她的手抓得很紧,力道大得几乎让如修整条手臂都在发麻。
他被攥得生疼,忍不住抽了抽胳膊,却没有挣脱,只是低下了头,声音细若蚊蝇:“娘说了,如果你不肯去,我就得一直跪着,直到你答应为止。”
秋霜的脸色瞬间沉了下来,原本温润如玉的面容此刻冷得像冰,连呼吸都仿佛凝成了霜气。
她的瞳孔微微收缩,眸光中透出毫不掩饰的凌厉寒光,像是冬夜刺骨的风雪席卷而来!
云柳察觉到主子的怒意,心头一紧,立刻冲上来一把将如修从秋霜身前拉开,生怕他再做出什么惹主子心烦的举动。
她气得脸颊涨红,手指指着如修直颤:“如修少爷,你可真糊涂啊!这是你娘在逼我们老夫人啊!你怎么真听她的话?你要是一跪,老夫人到底是去还是不去?她去了是屈服于威胁,不去又显得冷血无情——别人不懂也就算了,你怎么也跟着瞎胡来!你可知道你在做什么?”
“云柳。”
秋霜淡淡开口,语气不重,却带着不容置疑的威严。
“老夫人?”
云柳立刻收住话音,垂下头,退后半步,不敢再多言。
秋霜缓缓看向如修。
此刻的他缩着肩,双手无意识地绞着衣角,头深深低着,额前的碎发遮住了眼睛,整个人像极了一个犯了错、等着责罚的孩子,瑟缩在大人的阴影之下。

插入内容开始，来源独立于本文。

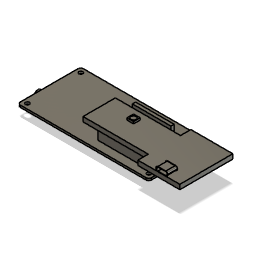
WattWise Open Energy Monitor Casing Version 2 (Autodesk Fusion 360 archive; units mm, degrees)
design "PCB Mockup V2"
Autodesk Fusion 360 part; units mm, degrees
sketch "Sketch1" plane through (0, 0, 0) normal (0, 1, 0) x (1, 0, 0)
  line L0 (47.71, -23.91) -> (-47.71, -23.91)
  line L1 (-49.71, -21.91) -> (-49.71, 21.91)
  line L2 (-47.71, 23.91) -> (47.71, 23.91)
  line L3 (49.71, 21.91) -> (49.71, -21.91)
  line L4 (49.71, -23.91) -> (-49.71, 23.91) construction
  line L5 (-49.71, -23.91) -> (49.71, 23.91) construction
  circle A0 centre (-45.95, 20.28) radius 1.5
  circle A1 centre (46.08, 20.15) radius 1.5
  circle A2 centre (46.08, -20.15) radius 1.5
  circle A3 centre (-46.08, -20.15) radius 1.5
  arc A4 (-47.71, 23.91) -> (-49.71, 21.91) centre (-47.71, 21.91) ccw
  arc A5 (-49.71, -21.91) -> (-47.71, -23.91) centre (-47.71, -21.91) ccw
  arc A6 (47.71, -23.91) -> (49.71, -21.91) centre (47.71, -21.91) ccw
  arc A7 (49.71, 21.91) -> (47.71, 23.91) centre (47.71, 21.91) ccw
  dimension "d1" = 99.42
  dimension "d2" = 47.82
  dimension "d3" = 3
  dimension "d5" = 3.76
  dimension "d6" = 3.63
  dimension "d13" = 3.63
  dimension "d14" = 3.76
  dimension "d15" = 3.76
  dimension "d16" = 3.63
  dimension "d17" = 3.63
  dimension "d18" = 3.76
  dimension "d19" = 2
  constraint horizontal L0
  constraint perpendicular L0 L1
  constraint parallel L0 L2
  constraint parallel L1 L3
  constraint coincident L4 origin
  constraint coincident L5 origin
  constraint equal A2 A3
  constraint equal A0 A3
  constraint equal A0 A1
  constraint coincident L4.end L2
  constraint coincident L4.end L1
  constraint tangent L2 A4
  constraint tangent L1 A4
  constraint coincident L5.start L1
  constraint coincident L5.start L0
  constraint tangent L1 A5
  constraint tangent L0 A5
  constraint equal A4 A5
  constraint coincident L4.start L0
  constraint coincident L4.start L3
  constraint tangent L0 A6
  constraint tangent L3 A6
  constraint equal A4 A6
  constraint coincident L5.end L3
  constraint coincident L5.end L2
  constraint tangent L3 A7
  constraint tangent L2 A7
  constraint equal A4 A7
  measures "d1" distance of L4.end L5.end
  measures "d2" distance of L5.start L4.end
  measures "d3" diameter of A0
  measures "d5" distance of L1 A0.centre
  measures "d6" distance of L2 A0.centre
  measures "d13" distance of L1 A3.centre
  measures "d14" distance of L0 A3.centre
  measures "d15" distance of L0 A2.centre
  measures "d16" distance of L3 A2.centre
  measures "d17" distance of L3 A1.centre
  measures "d18" distance of L2 A1.centre
  measures "d19" radius of A4
extrude "Extrude1" add sketch "Sketch1" along normal blind 1.57 makes body 1
sketch "Sketch2" plane through (0, 1.57, 0) normal (0, 1, 0) x (-1, 0, 0)
  circle A0 centre (45.95, -20.28) radius 1.5
  circle A1 centre (46.08, 20.15) radius 1.5
  circle A2 centre (-46.08, 20.15) radius 1.5
  circle A3 centre (-46.08, -20.15) radius 1.5
  arc A4 (-47.71, 23.91) -> (-49.71, 21.91) centre (-47.71, 21.91) ccw
  line L0 (-49.71, 21.91) -> (-49.71, -21.91)
  arc A5 (-49.71, -21.91) -> (-47.71, -23.91) centre (-47.71, -21.91) ccw
  line L1 (-47.71, -23.91) -> (47.71, -23.91)
  arc A6 (47.71, -23.91) -> (49.71, -21.91) centre (47.71, -21.91) ccw
  line L2 (49.71, -21.91) -> (49.71, 21.91)
  arc A7 (49.71, 21.91) -> (47.71, 23.91) centre (47.71, 21.91) ccw
  line L3 (47.71, 23.91) -> (-47.71, 23.91)
  line L4 (-1.79, -14.04) -> (-31.1, -14.04)
  line L5 (-31.1, -14.04) -> (-31.1, -11.58)
  line L6 (-31.1, -11.58) -> (-1.79, -11.58)
  line L7 (-1.79, -11.58) -> (-1.79, -14.04)
  line L8 (-4.8567, 15.11) -> (-43.63, 15.11)
  line L9 (-43.63, 15.11) -> (-43.63, 17.57)
  line L10 (-43.63, 17.57) -> (-4.8567, 17.57)
  line L11 (-4.8567, 17.57) -> (-4.8567, 15.11)
  line L12 (-4.8567, -4.66) -> (-43.63, -4.66)
  line L13 (-43.63, -4.66) -> (-43.63, -2.2)
  line L14 (-43.63, -2.2) -> (-4.8567, -2.2)
  line L15 (-4.8567, -2.2) -> (-4.8567, -4.66)
  dimension "d23" = 2.46
  dimension "d24" = 29.31
  dimension "d25" = 18.61
  dimension "d28" = 2.46
  dimension "d29" = 2.46
  dimension "d30" = 17.31
  dimension "d31" = 6.34
  dimension "d32" = 6.08
  dimension "d33" = 6.08
  dimension "d34" = 44.8533
  dimension "d52" = 6.92
  constraint horizontal L4
  constraint vertical L5
  constraint horizontal L6
  constraint vertical L7
  constraint horizontal L8
  constraint vertical L9
  constraint horizontal L10
  constraint vertical L11
  constraint horizontal L12
  constraint vertical L13
  constraint horizontal L14
  constraint vertical L15
  constraint equal L8 L12
  measures "d23" distance of L4 L6
  measures "d24" distance of L5 L7
  measures "d25" distance of L0 L5
  measures "d28" distance of L12 L14
  measures "d29" distance of L8 L10
  measures "d30" distance of L8 L14
  measures "d31" distance of L3 L10
  measures "d32" distance of L0 L9
  measures "d33" distance of L0 L13
  measures "d34" distance of L0 L11
  measures "d52" distance of L6 L12
extrude "Extrude2" add sketch "Sketch2" along normal blind 7.79 separate body contours L4 L5 L6 L7 | L8 L9 L10 L11 | L12 L13 L14 L15 makes body 2 at (11.56, 4.1667, -14.04) makes body 3 at (17.7811, 4.1667, -4.66) makes body 4 at (17.7811, 4.1667, 15.11)
sketch "Sketch3" plane through (0, 0, 0) normal (0, -1, 0) x (1, 0, 0)
  circle A0 centre (-45.95, -20.28) radius 1.5
  circle A1 centre (-46.08, 20.15) radius 1.5
  circle A2 centre (46.08, 20.15) radius 1.5
  circle A3 centre (46.08, -20.15) radius 1.5
  arc A4 (49.71, 21.91) -> (47.71, 23.91) centre (47.71, 21.91) ccw
  line L0 (47.71, 23.91) -> (-47.71, 23.91)
  arc A5 (-47.71, 23.91) -> (-49.71, 21.91) centre (-47.71, 21.91) ccw
  line L1 (-49.71, 21.91) -> (-49.71, -21.91)
  arc A6 (-49.71, -21.91) -> (-47.71, -23.91) centre (-47.71, -21.91) ccw
  line L2 (-47.71, -23.91) -> (47.71, -23.91)
  arc A7 (47.71, -23.91) -> (49.71, -21.91) centre (47.71, -21.91) ccw
  line L3 (49.71, -21.91) -> (49.71, 21.91)
  line L4 (-49.71, 10.88) -> (-35.66, 10.88)
  line L5 (-35.66, 10.88) -> (-35.66, -0.67)
  line L6 (-35.66, -0.67) -> (-49.71, -0.67)
  line L7 (-49.71, -0.67) -> (-49.71, 10.88)
  dimension "d37" = 11.55
  dimension "d38" = 14.05
  dimension "d39" = 13.03
  constraint horizontal L4
  constraint vertical L5
  constraint horizontal L6
  constraint vertical L7
  constraint coincident L1 L4.start
  measures "d37" distance of L4 L6
  measures "d38" distance of L5 L7
  measures "d39" distance of L0 L4
extrude "Extrude3" add sketch "Sketch3" along normal blind 6.53 separate body contours L1 L4 L5 L6 L7 makes body 5
sketch "Sketch4" plane through (-49.71, 0, 0) normal (-1, 0, 0) x (0, 0, 1)
  line L0 (10.88, 0) -> (-0.67, 0)
  line L1 (-0.67, 0) -> (-0.67, -6.53)
  line L2 (-0.67, -6.53) -> (10.88, -6.53)
  line L3 (10.88, -6.53) -> (10.88, 0)
  circle A0 centre (5.105, -3.265) radius 2.875
  line L4 (10.88, -3.265) -> (-0.67, -3.265) construction
  dimension "d42" = 5.75
  constraint midpoint L3 L4.start
  constraint midpoint L1 L4.end
  constraint coincident A0.centre L4
  constraint midpoint A0.centre L4
  measures "d42" diameter of A0
extrude "Extrude4" add sketch "Sketch4" along normal blind 3.4 contours A0 bodies 5
sketch "Sketch5" plane through (-53.11, 0, 0) normal (-1, 0, 0) x (0, 0, 1)
  circle A0 centre (5.105, -3.265) radius 2.875
  circle A1 centre (5.105, -3.265) radius 2
  dimension "d45" = 4
  constraint concentric A0 A1
  measures "d45" diameter of A1
extrude "Extrude5" cut sketch "Sketch5" against normal blind 3 contours A1 bodies 5
sketch "Sketch6" plane through (0, 9.36, 0) normal (0, 1, 0) x (-1, 0, 0)
  line L0 (-4.8567, -2.2) -> (-43.63, -2.2)
  line L1 (-43.63, -2.2) -> (-43.63, -4.66)
  line L2 (-43.63, -4.66) -> (-4.8567, -4.66)
  line L3 (-4.8567, -4.66) -> (-4.8567, -2.2)
  line L4 (-44.41, -13.38) -> (-76.2, -13.38)
  line L5 (-76.2, -13.38) -> (-76.2, 26.8)
  line L6 (-76.2, 26.8) -> (-44.41, 26.8)
  line L7 (5.05, 18.96) -> (5.05, -5.54)
  line L8 (-49.71, 21.91) -> (-49.71, -21.91)
  line L9 (-4.8567, 17.57) -> (-43.63, 17.57)
  line L10 (5.05, 18.96) -> (-44.41, 18.96)
  line L11 (5.05, -5.54) -> (-44.41, -5.54)
  line L12 (-44.41, -13.38) -> (-44.41, -5.54)
  line L13 (-44.41, 18.96) -> (-44.41, 26.8)
  dimension "d50" = 26.49
  dimension "d51" = 9.23
  dimension "d53" = 31.79
  dimension "d54" = 24.5
  dimension "d56" = 49.46
  dimension "d57" = 7.84
  dimension "d58" = 7.84
  constraint horizontal L4
  constraint vertical L5
  constraint horizontal L6
  constraint vertical L7
  constraint perpendicular L6 L12
  constraint coincident L10.end L12
  constraint perpendicular L10 L12
  constraint perpendicular L11 L12
  constraint collinear L12 L13
  measures "d50" distance of L5 L8
  measures "d51" distance of L6 L9
  measures "d53" distance of L5 L12
  measures "d54" distance of L10 L11
  measures "d56" distance of L7 L12
  measures "d57" distance of L6 L10
  measures "d58" distance of L4 L11
extrude "Extrude6" add sketch "Sketch6" along normal blind 3.52 separate body contours L0 L1 L2 L3 | L4 L5 L6 L7 L10 L11 L12 L13 makes body 6
sketch "Sketch7" plane through (0, 12.88, 0) normal (0, 1, 0) x (-1, 0, 0)
  line L0 (5.05, 18.96) -> (-44.41, 18.96)
  line L1 (-44.41, 18.96) -> (-44.41, 26.8)
  line L2 (-44.41, 26.8) -> (-76.2, 26.8)
  line L3 (-76.2, 26.8) -> (-76.2, -13.38)
  line L4 (-76.2, -13.38) -> (-44.41, -13.38)
  line L5 (-44.41, -13.38) -> (-44.41, -5.54)
  line L6 (-44.41, -5.54) -> (5.05, -5.54)
  line L7 (5.05, -5.54) -> (5.05, 18.96)
  line L8 (-58.04, 26.8) -> (-67.06, 26.8)
  line L9 (-67.06, 26.8) -> (-67.06, 19.43)
  line L10 (-67.06, 19.43) -> (-58.04, 19.43)
  line L11 (-58.04, 19.43) -> (-58.04, 26.8)
  dimension "d61" = 9.14
  dimension "d62" = 7.37
  dimension "d63" = 9.02
  constraint horizontal L8
  constraint vertical L9
  constraint horizontal L10
  constraint vertical L11
  constraint coincident L2 L8.start
  measures "d61" distance of L3 L9
  measures "d62" distance of L2 L10
  measures "d63" distance of L9 L11
extrude "Extrude7" add sketch "Sketch7" along normal blind 3.44 separate body contours L2 L8 L9 L10 L11 makes body 7
fillet "Fillet1" radius 1.5 4 edges at (58.04, 12.88, 23.115) (58.04, 16.32, 23.115) (67.06, 16.32, 23.115) (67.06, 12.88, 23.115) on bodies 7
shell "Shell1" thickness 0.4 removed faces 1 at (63.5533, 15.1733, 26.8) on bodies 7
sketch "Sketch8" plane through (0, 12.88, 0) normal (0, 1, 0) x (-1, 0, 0)
  line L0 (5.05, 18.96) -> (-44.41, 18.96)
  line L1 (-44.41, 18.96) -> (-44.41, 26.8)
  line L2 (-44.41, 26.8) -> (-76.2, 26.8)
  line L3 (-76.2, 26.8) -> (-76.2, -13.38)
  line L4 (-76.2, -13.38) -> (-44.41, -13.38)
  line L5 (-44.41, -13.38) -> (-44.41, -5.54)
  line L6 (-44.41, -5.54) -> (5.05, -5.54)
  line L7 (5.05, -5.54) -> (5.05, 18.96)
  line L8 (-13.94, -0.36) -> (-18.94, -0.36)
  line L9 (-18.94, -0.36) -> (-18.94, 4.64)
  line L10 (-18.94, 4.64) -> (-13.94, 4.64)
  line L11 (-13.94, 4.64) -> (-13.94, -0.36)
  dimension "d69" = 5
  dimension "d70" = 5
  dimension "d71" = 18.99
  dimension "d72" = 5.18
  constraint horizontal L8
  constraint vertical L9
  constraint horizontal L10
  constraint vertical L11
  measures "d69" distance of L9.end L10.end
  measures "d70" distance of L8 L10
  measures "d71" distance of L7 L11
  measures "d72" distance of L6 L8
extrude "Extrude8" add sketch "Sketch8" along normal blind 1.5 separate body contours L8 L9 L10 L11 makes body 8
sketch "Sketch9" plane through (0, 14.38, 0) normal (0, 1, 0) x (-1, 0, 0)
  line L0 (-13.94, 4.64) -> (-18.94, 4.64)
  line L1 (-18.94, 4.64) -> (-18.94, -0.36)
  line L2 (-18.94, -0.36) -> (-13.94, -0.36)
  line L3 (-13.94, -0.36) -> (-13.94, 4.64)
  circle A0 centre (-16.44, 2.14) radius 1.9979
  line L4 (-16.44, -0.36) -> (-16.44, 4.64) construction
  constraint midpoint L2 L4.start
  constraint midpoint L0 L4.end
  constraint midpoint A0.centre L4
extrude "Extrude9" cut sketch "Sketch9" against normal blind 0.2 contours A0 bodies 8
equation "d13 = PCBhole_shortside"
equation "d14 = PCBhole_longside"
equation "d15 = PCBhole_longside"
equation "d16 = PCBhole_shortside"
equation "d17 = PCBhole_shortside"
equation "d18 = PCBhole_longside"
equation "d20 = PCBthickness"
equation "d23 = HeaderSMD_thickness"
equation "d28 = HeaderSMD_thickness"
equation "d29 = HeaderSMD_thickness"
equation "d35 = HeaderSMD_Height"
equation "d59 = 1.57 mm + 1.95 mm"
equation "PCBthickness = 1.57 mm"
equation "PCBhole_longside = 3.76 mm"
equation "PCBhole_shortside = 3.63 mm"
equation "HeaderSMD_thickness = 2.46 mm"
equation "HeaderSMD_Height = 7.79 mm"

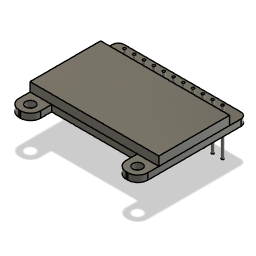
design "TFT Panel"
Autodesk Fusion 360 part; units mm, degrees
sketch "Sketch1" plane through (0, 32, 0) normal (0, 1, 0) x (-1, 0, 0)
  line L0 (47.1, 28.5) -> (-80, 28.5)
  arc A0 (-80, 28.5) -> (-82.5, 26) centre (-80, 26) ccw
  line L1 (-82.5, 26) -> (-82.5, -22)
  arc A1 (-82.5, -22) -> (-80, -24.5) centre (-80, -22) ccw
  line L2 (-80, -24.5) -> (47.1, -24.5)
  arc A2 (47.1, -24.5) -> (49.6, -22) centre (47.1, -22) ccw
  line L3 (49.6, -22) -> (49.6, 26)
  arc A3 (49.6, 26) -> (47.1, 28.5) centre (47.1, 26) ccw
  line L4 (3.205, -6.83) -> (-29.015, -6.83)
  line L5 (-29.015, 10.83) -> (3.205, 10.83)
  line L6 (3.205, 10.83) -> (3.205, -6.83)
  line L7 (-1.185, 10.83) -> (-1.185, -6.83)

也许他并不完全明白这一跪背后的算计,不明白母亲借他之手施加的压力有多沉重。
但他隐约感觉到了——自己好像错了,不该用这样的方式去恳求一位曾待他如亲人的长辈。
秋霜走上前,脚步轻而稳。
她从如修紧攥的手心里,轻轻抽出那块已经被捏得皱巴巴、沾了泪水与汗水的帕子。
她没有嫌弃,反而细心地展开,抬手,一点点替他抹去脸上还未干涸的泪痕。
“仙女姐姐……”
如修抬起湿漉漉的眼睛,嘴唇微动,还想说什么,却被她轻轻摇头制止。
“傻孩子。”
秋霜眼神复杂,里面有怜惜,有叹息,也有一丝难以言说的痛楚。
但她的语气却很平静,轻声说道,“但愿以后你病好了,还能这么心善,还能守住这份赤诚,而不被世道磨去。”
说完,她不再看他,转身回房,裙裾拂过门槛,带起一阵微不可察的风。
她换了一身素净的玄色衣裳,袖口绣着银线莲花,发间只插一支白玉簪,干净利落,不染尘埃。